2. Said performance of heat treatment includes heat treatment performed in reducing atmosphere.
3. And, according to the present invention, a process for manufacturing a semiconductor integrated circuit device comprises the steps of: (a) forming a memory cell selecting MISFET over a major surface of a semiconductor substrate; (b) forming a plug electrically connected to a source and drain region of said memory cell selecting MISFET; (c) forming a silicon oxide film on said plug; (d) forming an aperture arriving at a surface of said plug, in said silicon oxide film; (e) making an organic compound of Ru react with an oxidizer and thereby forming a Ru film on a side wall and a bottom portion of said aperture; (f) heat-treating said Ru film in reducing atmosphere; (g) forming a capacitive insulating film over said Ru film; and (h) forming an upper electrode over said capacitive insulating film.
4. And, according to the present invention, a process for manufacturing a semiconductor integrated circuit device comprises the steps of: (a) forming a memory cell selecting MISFET over a major surface of a semiconductor substrate; (b) forming a plug electrically connected to a source and drain region of said memory cell selecting MISFET; (c) forming a silicon oxide film on said plug; (d) forming an aperture arriving at a surface of said plug, in said silicon oxide film; (e) making an organic compound of Ru react with an oxidizer and thereby forming a Ru film on a side wall and a bottom portion of said aperture; (f) performing first heat treatment in reducing atmosphere and second heat treatment in non-oxidizing atmosphere at said Ru film; (g) forming a capacitive insulating film over said Ru film; and (h) forming an upper electrode over said capacitive insulating film.

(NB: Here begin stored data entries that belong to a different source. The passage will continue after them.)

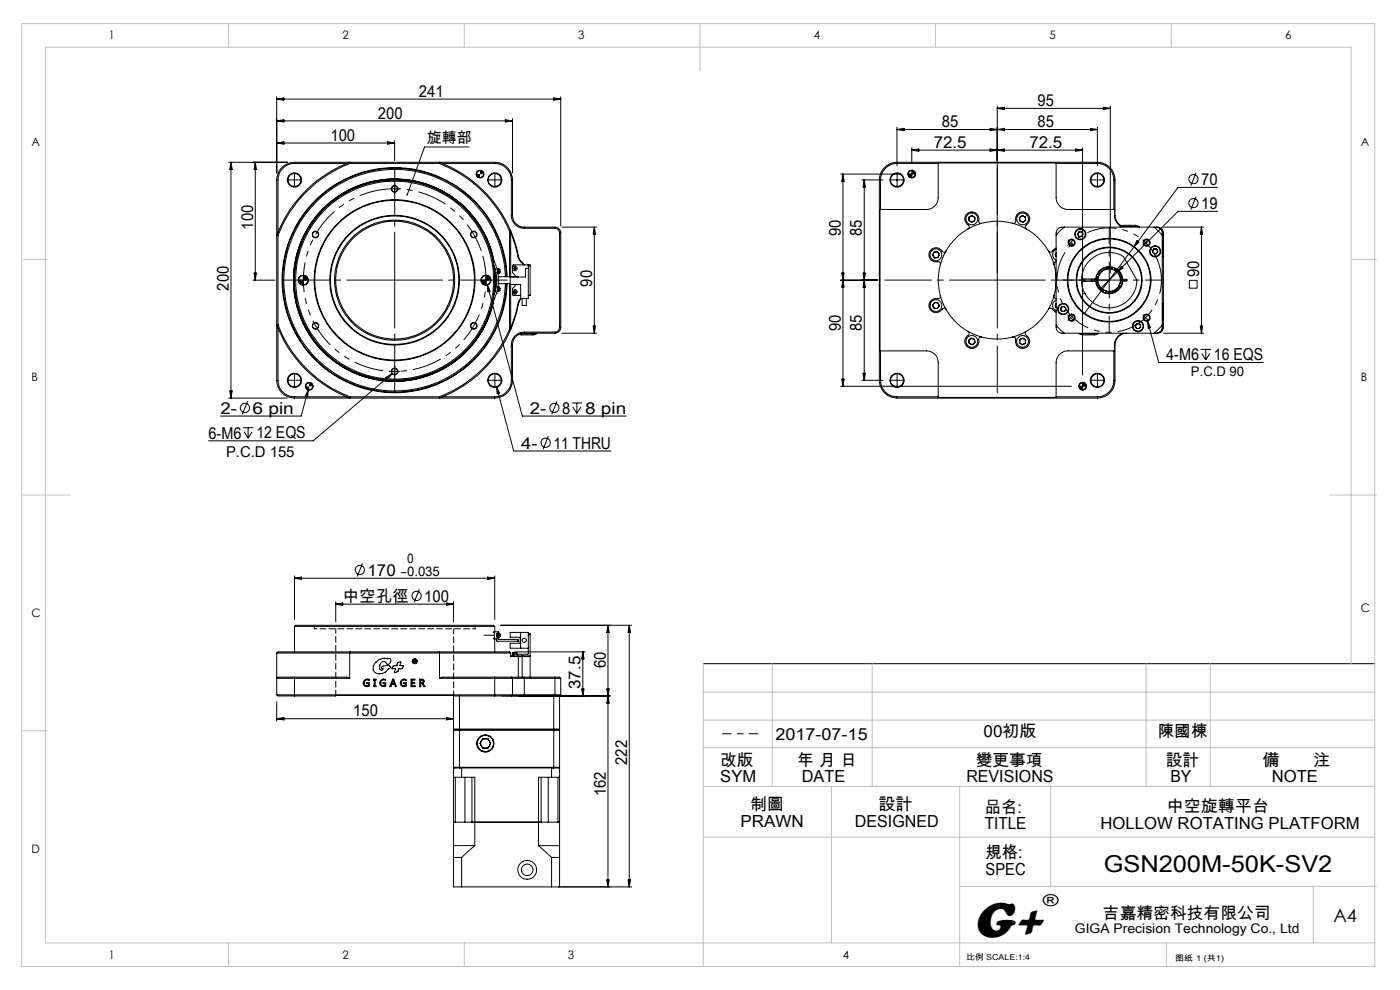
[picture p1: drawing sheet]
<svg xmlns="http://www.w3.org/2000/svg" width="297mm" height="210mm" viewBox="0 0 297 210" stroke-linecap="round" stroke-linejoin="round" font-family="sans-serif">
<g fill="none" stroke="#000" stroke-width=".21">
<path d="M48.5 34.4h12.5M49 34.4l.2 1.5h-.4zM49 34.4v50M54.2 34.4v25M54.2 34.4l.2 1.5h-.5zM58.7 20.5v16.2M58.7 21l1.5-.2v.5zM58.7 25.6l1.5-.2v.5zM58.7 25.6h50M58.7 21h60.3M58.7 30.3h25M58.7 30.3l1.5-.2v.5z"/>
<path d="M60 35.3l.4-.3a3.6 3.6 0 0 1 2.1-.6h42.5a3.8 3.8 0 0 1 3.7 3.8v7.5a2.45 2.45 0 0 0 2.5 2.5h6.5a1.21 1.21 0 0 1 1.3 1.2v20a1.26 1.26 0 0 1-1.3 1.3h-6.5a2.45 2.45 0 0 0-2.5 2.5v7.5a3.8 3.8 0 0 1-3.7 3.7h-42.5a3.8 3.8 0 0 1-3.8-3.7v-42.5l.2-1.1a3.5 3.5 0 0 1 1.1-1.8zM62.3 38.2h.3M62.5 38.1v.2M73.6 34.7h-11.1a3.5 3.5 0 0 0-3.5 3.5v11.1M74.3 34.7a26.6 26.6 0 0 0-15.3 15.2M74.3 34.7l-.1-.3a26.9 26.9 0 0 0-15.5 15.5h.3M74.3 34.7h18.9M82.2 30.1l1.5 .2-1.5 .3zM83.7 29.8v4.3M83.7 39.9v.3M93.2 34.7a26.7 26.7 0 0 1 14.9 14.3M93.2 34.7v-.3a26.9 26.9 0 0 1 15.1 14.6"/>
<path d="M93.9 34.7h11.1a3.6 3.6 0 0 1 3.5 3.5v7.5a2.71 2.71 0 0 0 2.7 2.7h6.5a.96 .96 0 0 1 1 1v20a1.02 1.02 0 0 1-1 1h-6.5a2.66 2.66 0 0 0-2.7 2.8v7.5a3.5 3.5 0 0 1-3.5 3.5h-11.1M99.5 31.2h-9.4l-3.7 10.1M101.8 36.2a.72 .72 0 0 0-.7 .7M102.6 36.9a.72 .72 0 0 1-.8 .8M104.8 38.2h.3M105 38.1v.2M107.2 25.4l1.5 .2-1.5 .3zM108.7 25.1v11.6M117.5 20.8l1.5 .2-1.5 .3zM119 20.5v27.4M178.3 36.9h12.8M178.8 36.9v45"/>
<path d="M178.8 36.9l.3 1.5h-.5zM182.8 38.2h4.5M183.3 38.2v42.5M183.3 38.2l.3 1.5h-.5zM190.2 38.2h.2M190.3 27v8.2M190.3 27.5h42.5M190.3 27.5l1.5-.3v.5zM190.3 38.1v.2M193.3 36.9h.2M193.4 36.2a.72 .72 0 0 0-.7 .7M193.4 31.4v3.2"/>
<path d="M193.4 31.8h36.3M193.4 31.8l1.5-.2v.5zM193.4 36.8v.3M194.2 36.9a.72 .72 0 0 1-.8 .8M199 34.7v7.2a2.5 2.5 0 0 1-2.4 2.5h-9.8M199 34.7h-8.7a3.5 3.5 0 0 0-3.5 3.5v6.2M199 34.7h25M210 27.2l1.6 .3-1.6 .2zM210 31.6l1.6 .2-1.6 .3zM211.6 22.5v35.4M211.6 27.5l1.4-.3v.5zM211.6 23l1.4-.3v.5z"/>
<path d="M211.6 31.8l1.4-.2v.5zM211.6 23h23.9M224 34.7v7.2a2.57 2.57 0 0 0 2.6 2.5h9.7M224 34.7h8.8a3.5 3.5 0 0 1 3.5 3.5v6.2M228.2 31.6l1.5 .2-1.5 .3zM229.7 31.4v48.1M231.3 27.2l1.5 .3-1.5 .2zM232.7 38.2h.2M232.8 27v8.2M232.8 38.1v.2M234.1 22.7l1.4 .3-1.4 .2zM235.5 22.5v35.4"/>
<path d="M253.8 36.6l-1.2 2.8M258.3 39.7h-8.4l-9.4 12.7M53.7 59.4h4.6M53.9 57.9h.5l-.2 1.5zM59 49.9v19M64.2 59.4h.3M64.3 58.4h-.1a.91 .91 0 0 0-.8 1M64.3 59.3v.2M65.3 59.4l-.1 .6-.4 .4h-.5M83.6 59.4h.3M83.6 40.1h.3M83.7 59.3v.2"/>
<path d="M103 59.4h.2M103.1 58.4a.95 .95 0 0 0-1 1M103.1 59.3v.2M104.1 59.4v.2a.97 .97 0 0 1-1 .8M104.6 55.7l.3-.1a9.1 9.1 0 0 1 0 7.7l-.3-.1M104.7 56a8.7 8.7 0 0 1 0 6.8M104.7 55.7a21.4 21.4 0 0 0-32.7-14.1 21.4 21.4 0 0 0 0 35.7 21.4 21.4 0 0 0 32.7-14.1M104.8 55.6a21.4 21.4 0 0 0-27.9-16.5 21.4 21.4 0 0 0-12.4 29.9 21.4 21.4 0 0 0 31.4 8.1M104.8 55.6a21.5 21.5 0 0 0-27.8-16.6 21.5 21.5 0 0 0-12.5 30 21.5 21.5 0 0 0 31.4 8.1M104.9 56.5l.1 .8M104.9 57.8h.3M105 57.8v3.3"/>
<path d="M105 57l.1 .3M105.1 57.1v.2h-.3M105.1 57.8v3.3M105.6 57.8h.1M105.6 57.2l-.1 .1M105.7 58.7l4.3 .1M105.8 57l.2 .2M105.8 57l.1 1M105.8 57h-.2v.4l.1 .6h.2M106 57.2h.1M106 57.2v.5M106 57.7l-.1 .3"/>
<path d="M106 57.7h.1M107.2 58.7a23.5 23.5 0 0 0-34.9-19.8 23.5 23.5 0 0 0-1.5 40.1 23.5 23.5 0 0 0 36.3-17.3l.1-1.5M107.5 58.7a23.8 23.8 0 0 0-35-20.2 23.8 23.8 0 0 0-2.5 40.3 23.8 23.8 0 0 0 37.2-15.6l.3-3M107.6 58.7a23.9 23.9 0 0 0-35.2-20.3 23.9 23.9 0 0 0-2.5 40.5 23.9 23.9 0 0 0 37.4-15.7l.3-3M108.1 49v9.7M108.3 49.3l1.3 3.7a4.3 4.3 0 0 0 .9 2.6l.6 .6M108.3 49l1.4 3.9a3.9 3.9 0 0 0 1.6 3.3M108.3 49h-.2M108.3 49v9.7M109.1 56.9h.2M109.1 56.9l.1 .2 .2-.1-.1-.1M109.1 56.9l.2 .1z"/>
<path d="M109.2 56.8l.1-.1v.2M109.2 56.8l-.1 .1M109.2 56.8v.3M112.1 56.2h.4v6.5h-.4M112.1 56.2v7.1h-1.6M112.1 56.2h-3.2l-.2 .1v1.5l.7 .9M112.1 56.9h-.6v1.9h-3.3v1.6h2.3v2.9M119.2 48.2h7.4M126.1 48.2l.2 1.5h-.5zM126.1 48.2v22.5M178.3 59.4h7.9M178.6 57.9h.5l-.3 1.5z"/>
<path d="M178.8 59.4l.3 1.5h-.5zM183.1 57.9h.5l-.3 1.5zM183.3 59.4l.3 1.5h-.5zM186.8 44.4v30M198.1 53.5l.7-.1 .5 .5-.3 .7-.7 .1-.5-.5zM199.5 56.1a12.1 12.1 0 0 0 0 6.6M200.7 53.2a.47 .47 0 0 1-.4 .3 .47 .47 0 0 1-.5-.2 1.52 1.52 0 0 0-2-.5 1.52 1.52 0 0 0-.6 2 1.52 1.52 0 0 0 1.9 .7l.4 .3v.3M200.7 53.2l-.7 1.4-.5 1.5M205.4 48.6a12.3 12.3 0 0 0-4.7 4.6M205.6 46l.6-.3 .6 .4v.7l-.7 .4-.6-.5zM208.2 47.4a13.1 13.1 0 0 1 6.6 0M208.2 47.4a.57 .57 0 0 1-.6-.3 .57 .57 0 0 1 .1-.6 1.53 1.53 0 0 0-2.4-1.3 1.53 1.53 0 0 0 .3 2.7v.4l-.2 .3"/>
<path d="M208.2 47.4l-1.4 .5-1.4 .7M211.4 59.4h.3M211.6 59.3v.2M214.8 47.4a.58 .58 0 0 0 .7-.3 .58 .58 0 0 0-.1-.6 1.53 1.53 0 0 1 2.4-1.3 1.53 1.53 0 0 1-.2 2.7l-.1 .4 .2 .3M214.8 47.4l1.5 .5 1.4 .7M216.3 46.2l.5-.5 .7 .3 .1 .7-.5 .5-.7-.3zM217.7 48.6a12.7 12.7 0 0 1 4.7 4.6M222.4 53.2l1.2 2.9M223.6 56.1a12.1 12.1 0 0 1 0 6.6M224 52.9a1.24 1.24 0 0 0-.7 1.2 1.24 1.24 0 0 0 .7 1.1M224 54.4l-.1-.3 .1-.4-.2 .3 .2 .5M224 55.5l-.3 .2-.1 .4"/>
<path d="M224 52.6l-.5 .4a.59 .59 0 0 1-.5 .5 .59 .59 0 0 1-.6-.3M224.4 48.5l.9-.3h20.2a1.21 1.21 0 0 1 1.3 1.2v20a1.26 1.26 0 0 1-1.3 1.3h-20.2a1.26 1.26 0 0 1-1.3-1.3v-20zM225.8 48.2l-1.8 1.7M227 51.4l.2 .2M227.2 51.4l-.2 .2M228.9 49.2h.6l.3 .5-.3 .5h-.6l-.3-.5zM230.1 59.2v.5M231.6 59.2v.5M232.2 59.2v.5M232.4 59.2a2.87 2.87 0 0 1 2.9-2.6 2.87 2.87 0 0 1 2.9 2.7M232.4 59.2h-3a5.9 5.9 0 0 1 8.9-4.8l2.9 5a5.9 5.9 0 0 1-5.7 5.9 5.9 5.9 0 0 1-6.1-5.6h3M232.4 59.2v.5"/>
<path d="M232.6 58.6h.1M232.7 58.6a2.8 2.8 0 0 0 1.3 3.3M232.7 58.6l.2 .1M232.8 58.1l.1 .1M232.9 58.2h.2M232.9 58.7a2.46 2.46 0 0 0 1.2 2.9M232.9 58.7l.1 .1M233 58.8a2.4 2.4 0 0 0 1.2 2.7M233.1 58.2l.1 .1M233.2 58.3l-.2 .5M235.2 59.4h.2M235.3 59.3v.2"/>
<path d="M236 57.1a2.4 2.4 0 0 0-2.8 1.2M236 57.1l.4 .3M236 57a2.5 2.5 0 0 0-2.9 1.2M236 57v.1M236.1 56.8a2.8 2.8 0 0 0-3.2 1.4M236.1 56.8l-.1 .2M236.1 56.7v.1M236.3 44.4l.1 .1a3.1 3.1 0 0 0 1.3 3.5h.1M236.4 57.4a2.4 2.4 0 0 1 1.2 2.7M236.5 57.2a2.58 2.58 0 0 1 1.2 2.9M236.5 57.2l-.1 .2M236.6 57a2.72 2.72 0 0 1 1.3 3.2"/>
<path d="M236.6 57l-.1 .2M236.6 56.9v.1M237 57.7l-3.4 3.4M237.7 48a8.3 8.3 0 0 1 4 0M237.7 48h4M237.7 48v.2M237.9 56.5l.3 .4-1.2 .8zM238 47.9l-.2-.1a2.45 2.45 0 0 1-1.3-2.1v-7.5a3.8 3.8 0 0 0-3.7-3.8h-42.5a3.8 3.8 0 0 0-3.8 3.8v42.5a3.8 3.8 0 0 0 3.8 3.7h42.5a3.7 3.7 0 0 0 3.7-3.7v-7.5a2.51 2.51 0 0 1 2.5-2.5M238.2 59.6a2.87 2.87 0 0 1-2.9 2.7 2.87 2.87 0 0 1-2.9-2.6M238.2 59.3v.3M238.2 59.3h.8v.3h-.8M238.4 59.3v.3"/>
<path d="M240.5 52.4l-10.4 14.1M241.2 51l.4 .4-1.1 1zM241.7 48v.2M242.9 51.4l.2 .2M243.1 51.4l-.2 .2M244.8 52.8h.6l.2 .5-.2 .5h-.6l-.3-.5zM244.8 48.2l1.8 1.7M245.3 48.2a1.26 1.26 0 0 1 1.3 1.2v20a1.33 1.33 0 0 1-1.3 1.3M246 48.4l.7 .8v5.2M246.6 54.4h.2M246.8 48.2h8.6M252.3 59.5h1.7v1.6h-1.7z"/>
<path d="M253.8 41.7l-1.2 2.8M254.9 48.2v22.5M254.9 48.2l.2 1.5h-.5zM258.3 44.8h-8.4l-12.9 12.9M59 68.9a26.3 26.3 0 0 0 15.3 15.3M59 68.9l-.3 .1a26.9 26.9 0 0 0 15.5 15.4l.1-.2M59 69.6v11.1a3.5 3.5 0 0 0 3.5 3.5h11.1M83.1 79.3l-16.7 14.2h-22.2M83.6 78.8h.3M83.7 78.7v.2M103.4 60.4l7.4 27.9h22M103.4 60.4l.6 1.4-.5 .1z"/>
<path d="M104.8 63.2a21.5 21.5 0 0 1-8.9 13.9M104.8 61.5l.3 .1v.2M104.9 61l.3 .1M105 61.6l-.1 .7M105.1 61.6l-.1 .2M105.3 62.2h.1M105.5 61.6h.1M105.6 61.1h.1M105.7 60.2h2.5M105.9 60.9l.1 .3M105.9 60.9l-.2-.1-.1 .8v.2l.2 .1M105.9 60.9l-.1 1"/>
<path d="M106 61.6l-.2 .3M106 61.6h.1M106 61.2h.1M106 61.2v.4M108.1 69.8a26.5 26.5 0 0 1-14.9 14.4M108.1 60.2v9.6M108.1 69.8l.2 .1M108.3 69.9a26.9 26.9 0 0 1-15.1 14.5v-.2M108.3 60.4v9.5M109.1 61.9h.2M109.2 61.8l.1-.1v.2M109.2 61.8l-.2 .1 .2 .1"/>
<path d="M109.2 61.8v.2M109.3 61.9h-.2l.2 .1M109.3 61.9v.1M109.3 62v.2l-.1-.2M109.4 60.4l-.7 .8v1.3l.2 .2h1.6M110.4 70.8h3.4M110.5 63.3l-.1 .1a4.4 4.4 0 0 0-.8 2.4l-1.3 3.8M110.6 63.3l-.1 .2a4.1 4.1 0 0 0-.8 2.4l-1.4 4M110.8 63.3v1.5h.9v-1.5M113.8 70.8a8 8 0 0 1-3.6 .1h-.1M113.8 70.7v.1M119.2 70.7h7.4"/>
<path d="M125.8 69.2h.5l-.2 1.5zM183.1 79.2h.5l-.3 1.5zM186.8 74.4v6.3a3.5 3.5 0 0 0 3.5 3.5h8.7M186.8 74.4h9.8a2.51 2.51 0 0 1 2.4 2.5v7.3M198.3 64.2h.7l.3 .7-.4 .6-.7-.1-.4-.6zM199.5 62.7a.58 .58 0 0 1-.3 .6 .58 .58 0 0 1-.6 0 1.53 1.53 0 0 0-1.2 2.4 1.53 1.53 0 0 0 2.6-.3h.3l.4 .2M199.5 62.7l.5 1.5 .7 1.4M200.7 65.6a12.7 12.7 0 0 0 4.7 4.7M205.4 70.3a.51 .51 0 0 1 0 .8 1.52 1.52 0 0 0-.5 2.1 1.52 1.52 0 0 0 2 .6 1.52 1.52 0 0 0 .7-2l.3-.3h.3M205.4 70.3l2.8 1.2M205.5 72.2l.6-.5 .6 .3 .1 .7-.5 .4-.7-.2zM208.2 71.5a13.1 13.1 0 0 0 6.6 0"/>
<path d="M216.4 72l.6-.3 .6 .4-.1 .7-.6 .4-.6-.5zM217.7 70.3a.59 .59 0 0 0-.2 .6 .59 .59 0 0 0 .5 .5 1.52 1.52 0 0 1-.8 2.5 1.52 1.52 0 0 1-1.7-2.1l-.3-.3h-.4M217.7 70.3l-2.9 1.2M222.4 65.6a13.2 13.2 0 0 1-4.7 4.7M222.4 65.6a.59 .59 0 0 1 .6-.2 .59 .59 0 0 1 .5 .5l.5 .3M223.6 62.7l.1 .5 .3 .2M223.6 62.7l-.6 1.9-.6 1M224 69l1.8 1.7M224 63.7a1.26 1.26 0 0 0-.7 1.1 1.26 1.26 0 0 0 .7 1.2M224 64.3l-.2 .6 .2 .3-.1-.4 .1-.4M225.2 65h.6l.3 .5-.3 .6h-.6l-.2-.6zM227 67.3l.2 .2"/>
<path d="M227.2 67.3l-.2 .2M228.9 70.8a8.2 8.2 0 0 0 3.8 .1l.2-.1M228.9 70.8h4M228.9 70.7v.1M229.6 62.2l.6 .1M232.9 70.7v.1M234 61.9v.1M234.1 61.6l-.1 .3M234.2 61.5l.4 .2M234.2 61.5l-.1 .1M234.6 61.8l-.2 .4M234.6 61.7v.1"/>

5. A semiconductor integrated circuit device that is the present invention comprises: (a) a memory cell selecting MISFET formed over a major surface of a semiconductor substrate; (b) a plug electrically connected to a source and drain region of said memory cell selecting MISFET; (c) a silicon oxide film formed on said plug; (d) an aperture provided in said silicon oxide film and extending up to a surface of said plug, and having a depth five times longer than a short diameter thereof; and (e) an information storing capacitive element having a lower electrode formed in said aperture and composed of a laminating film of a Ru film formed by a CVD method, and a capacitive insulating film formed on said lower electrode, and an upper electrode formed over said capacitive insulating film.